The story published by Bloomberg does not actually cite any sources, only what
is already publicly known and what Tripp has personally claimed; and seems to
just run entirely on emotions, not facts. The whistleblower did, indeed, blow
the whistle, and this seems to be one of only two provable and externally
verifiable fact in the entire story (the other one being he once worked there
and was fired from there; even the internal investigation at Tesla over
Tripp's actions, according to that story, just seems to be Tripp's claims to
such).

There is no proof that Tesla invented the shooter story, and it is also at
least as equally possible that someone outside of Tesla saw a chance to throw
a spanner in the works and take advantage of the situation. It is also just as
equally possible that Tripp had expressed feelings of shooting up the place,
but lacked the materials, know how, or actual willpower to achieve the act,
and told someone they intended to perform the act.

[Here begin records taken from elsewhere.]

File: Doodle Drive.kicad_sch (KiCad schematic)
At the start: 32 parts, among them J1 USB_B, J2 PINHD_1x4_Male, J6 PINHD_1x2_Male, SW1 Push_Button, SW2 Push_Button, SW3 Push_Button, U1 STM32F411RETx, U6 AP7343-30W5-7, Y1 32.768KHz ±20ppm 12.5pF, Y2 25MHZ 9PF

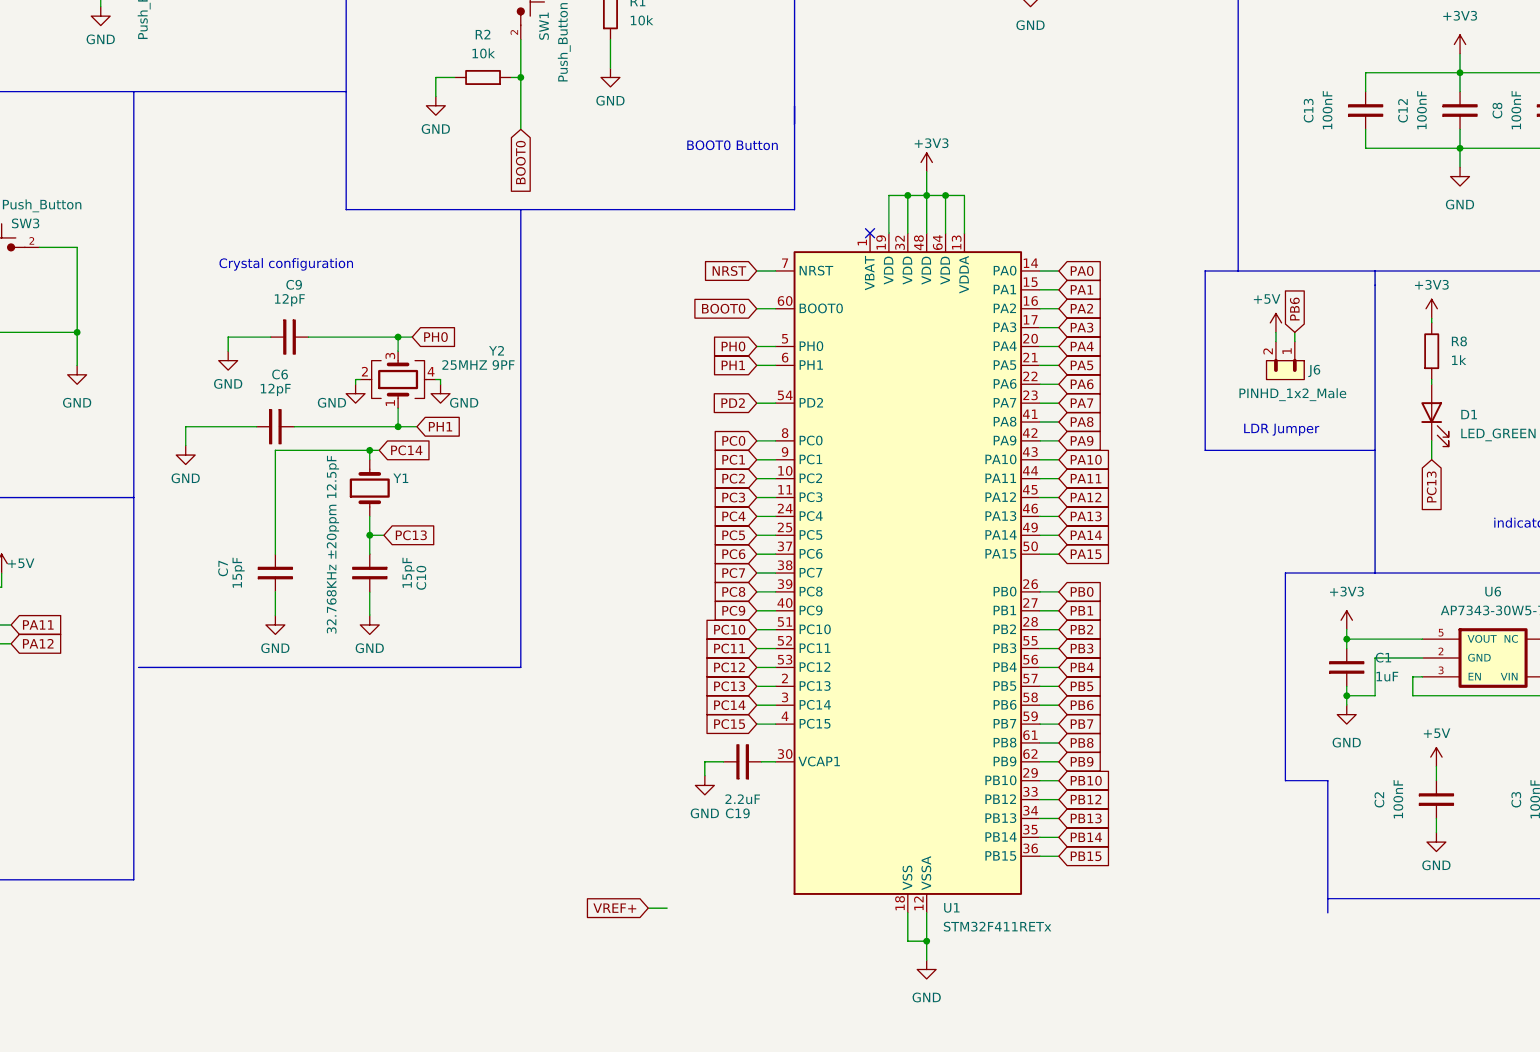
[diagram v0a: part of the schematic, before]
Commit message: cleaned up main schematic
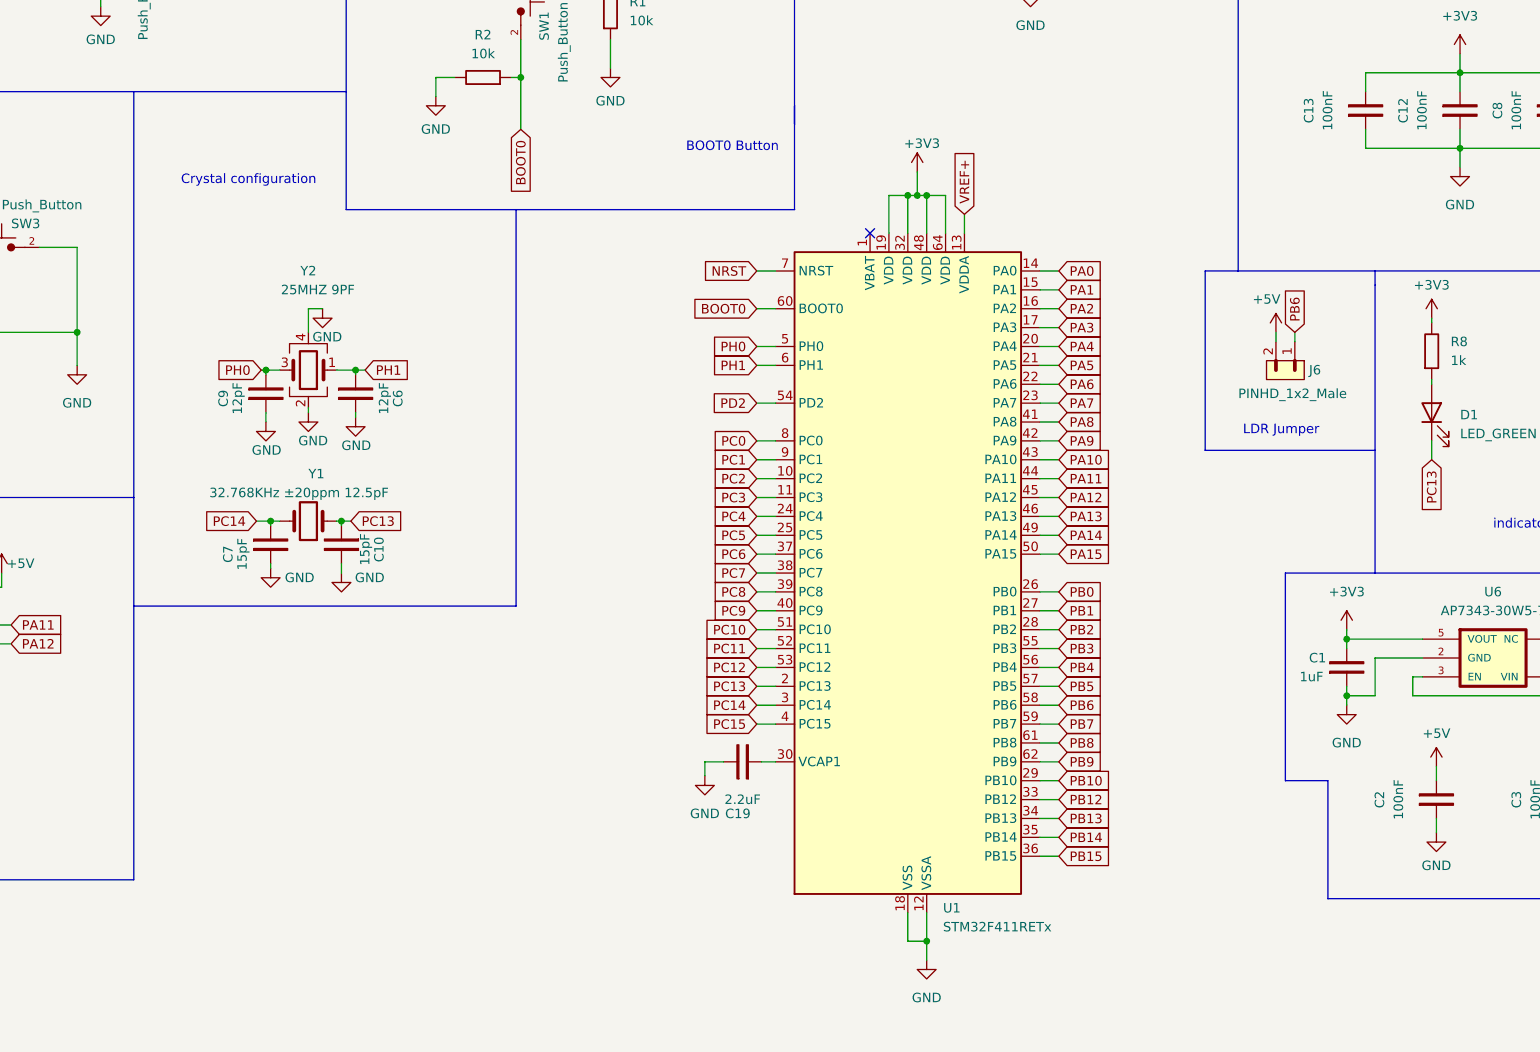
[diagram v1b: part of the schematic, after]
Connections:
- net +3V3: no longer U1.13 (VDDA)
- net VREF+: now also U1.13 (VDDA)
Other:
- moved on the sheet: C10, C6, C9, Y1, Y2

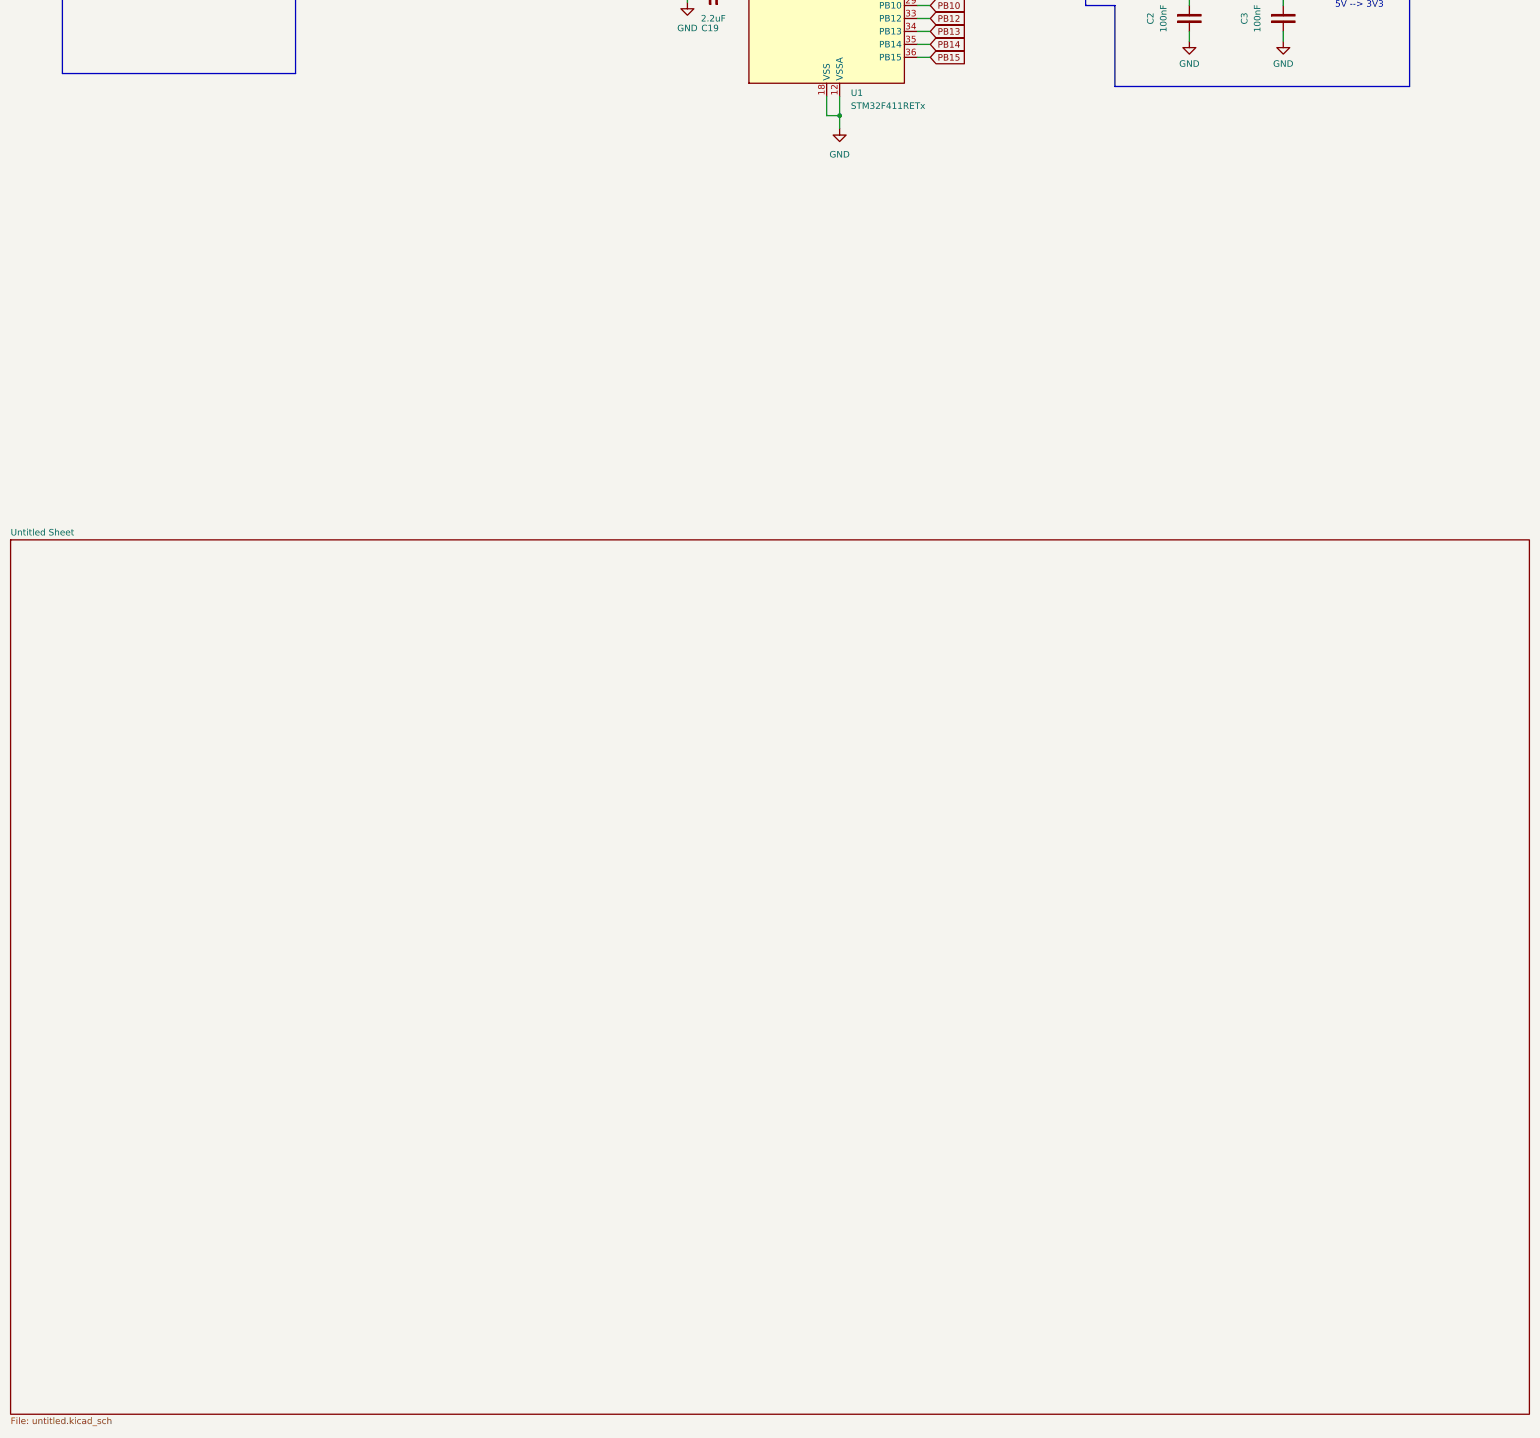
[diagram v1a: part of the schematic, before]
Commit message: Divide DRV8825s in two sheets, and connect their pins to stm32
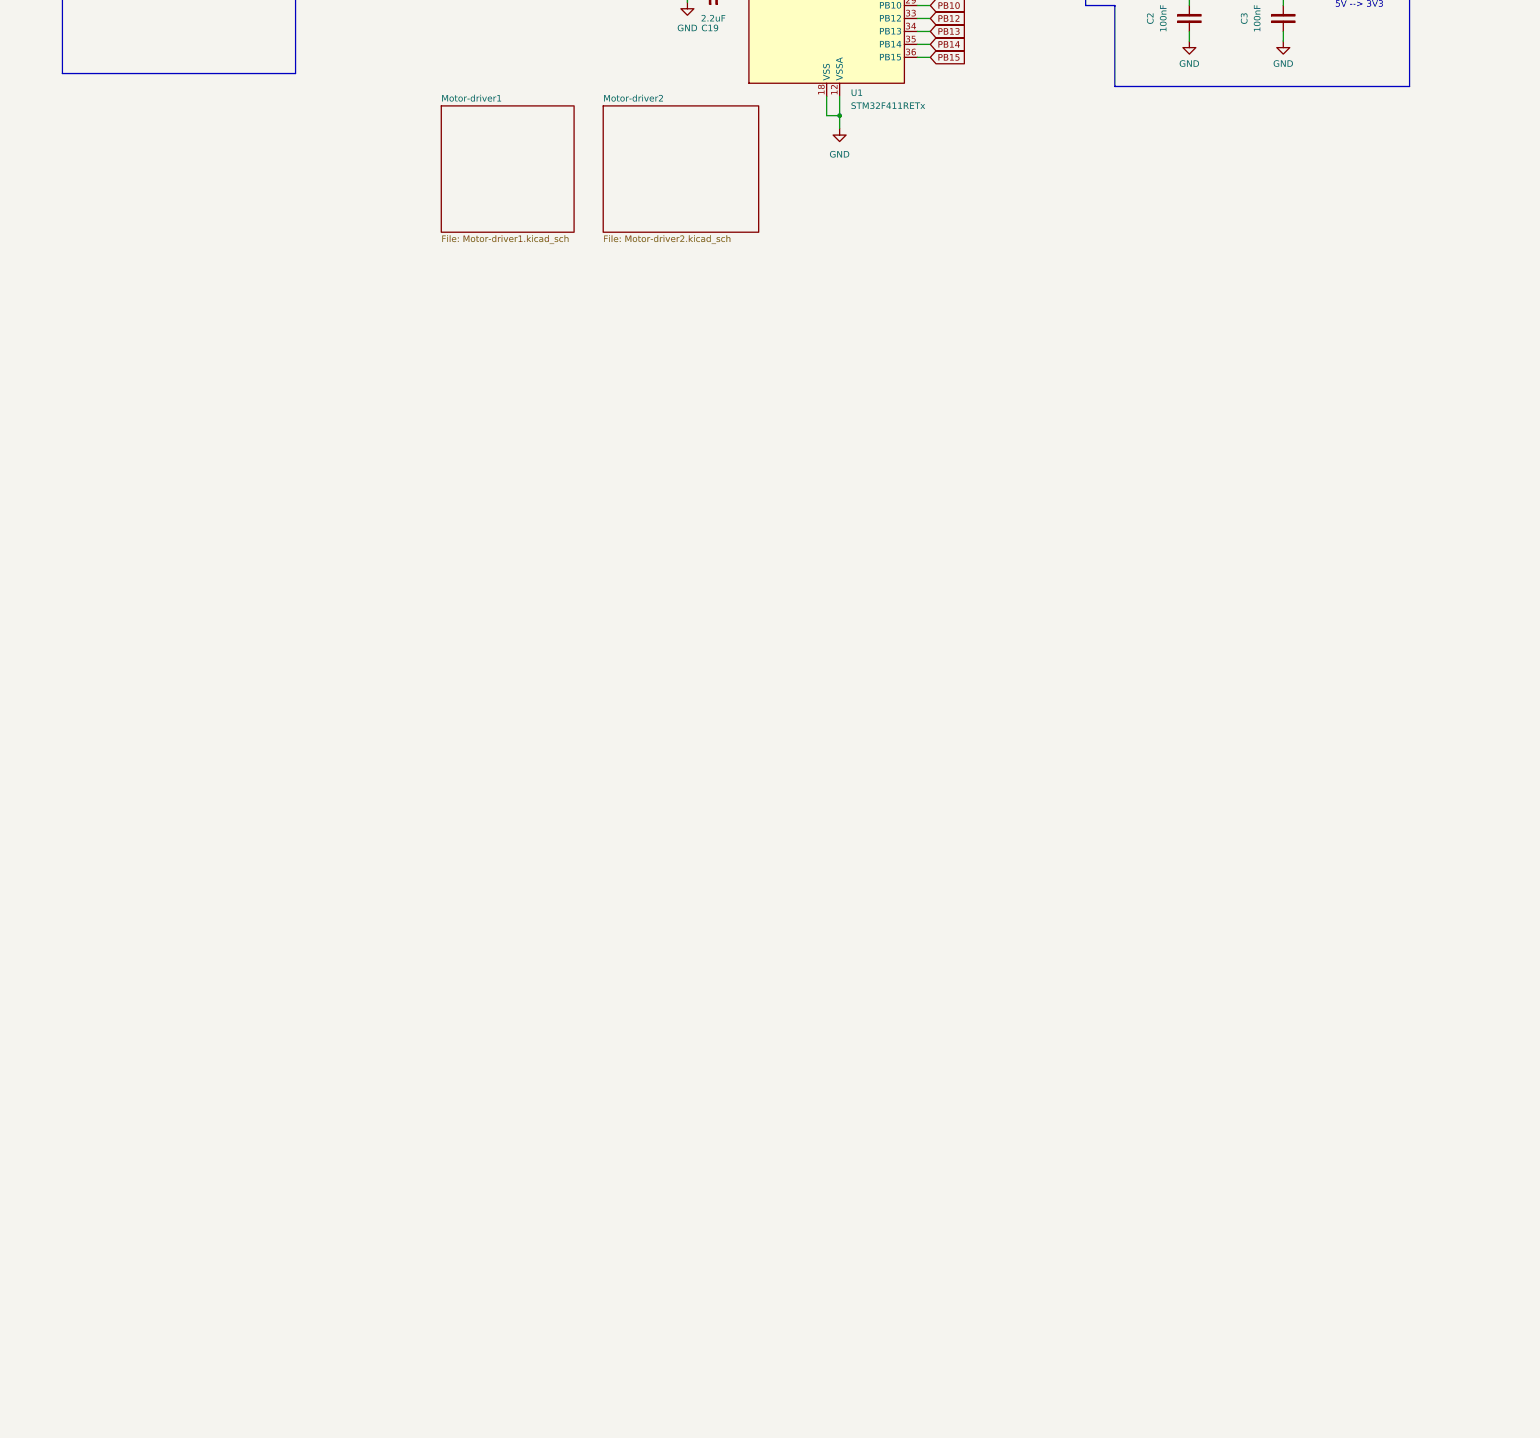
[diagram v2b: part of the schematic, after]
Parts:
- C1: footprint Capacitor_SMD:C_0805_2012Metric -> (none)
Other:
- removed sheet Untitled Sheet
- added sheet Motor-driver1 (Motor-driver1.kicad_sch)
- added sheet Motor-driver2 (Motor-driver2.kicad_sch)
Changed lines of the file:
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@@
       (effects (font (size 1.27 1.27)) (justify right))
     )
-    (property "Footprint" "Capacitor_SMD:C_0805_2012Metric" (at 231.14 130.81 0)
+    (property "Footprint" "" (at 231.14 130.81 0)
       (effects (font (size 1.27 1.27)) hide)
     )
@@
     )
   )
-  (sheet (at 8.255 250.825) (size 297.815 171.45) (fields_autoplaced)
+  (sheet (at 124.46 165.735) (size 30.48 24.765) (fields_autoplaced)
     (stroke (width 0.1524) (type solid))
     (fill (color 0 0 0 0.0000))
-    (property "Sheetname" "Untitled Sheet" (at 8.255 250.1134 0)
+    (property "Sheetname" "Motor-driver2" (at 124.46 165.0234 0)
       (effects (font (size 1.27 1.27)) (justify left bottom))
     )
-    (property "Sheetfile" "untitled.kicad_sch" (at 8.255 422.8596 0)
+    (property "Sheetfile" "Motor-driver2.kicad_sch" (at 124.46 191.0846 0)
       (effects (font (size 1.27 1.27)) (justify left top))
     )
     (instances
       (project "Doodle Drive"
-        (path "/3ec634aa-8c09-482d-9325-2288a4dbd68b" (page "2"))
-      )
-    )
+        (path "/3ec634aa-8c09-482d-9325-2288a4dbd68b" (page "3"))
+      )
+    )
+  )
+  (sheet (at 92.71 165.735) (size 26.035 24.765) (fields_autoplaced)
+    (stroke (width 0.1524) (type solid))
+    (fill (color 0 0 0 0.0000))
+    (property "Sheetname" "Motor-driver1" (at 92.71 165.0234 0)
+      (effects (font (size 1.27 1.27)) (justify left bottom))
+    )
+    (property "Sheetfile" "Motor-driver1.kicad_sch" (at 92.71 191.0846 0)
+      (effects (font (size 1.27 1.27)) (justify left top))
+    )
+    (instances
+      (project "Doodle Drive"
+        (path "/3ec634aa-8c09-482d-9325-2288a4dbd68b" (page "4"))
+      )
+    )

If law enforcement believes that Elon, or someone from his company, made false
claims to suppress Tripp's speech, then charges should be pressed. A quick
Google tells me no charges have been pressed, and it does not seem likely
charges will ever be pressed.

I know some people just have an eternal hateboner for Elon's style as CEO and
the way he personally conducts himself as a human being, but the only thing I
care about is facts, not feelings. This entire story is just summed up as
"whistleblower ex-employee claims Tesla called cops on possible revenge
shooting after being fired for violating employment contract; Tesla released
statement claiming that they believed it was a credible threat and no shooting
ultimately occurred."

What I said in quotes, obviously, does not sell newspapers and is not
sensational enough to even warrant a second glance from a reader.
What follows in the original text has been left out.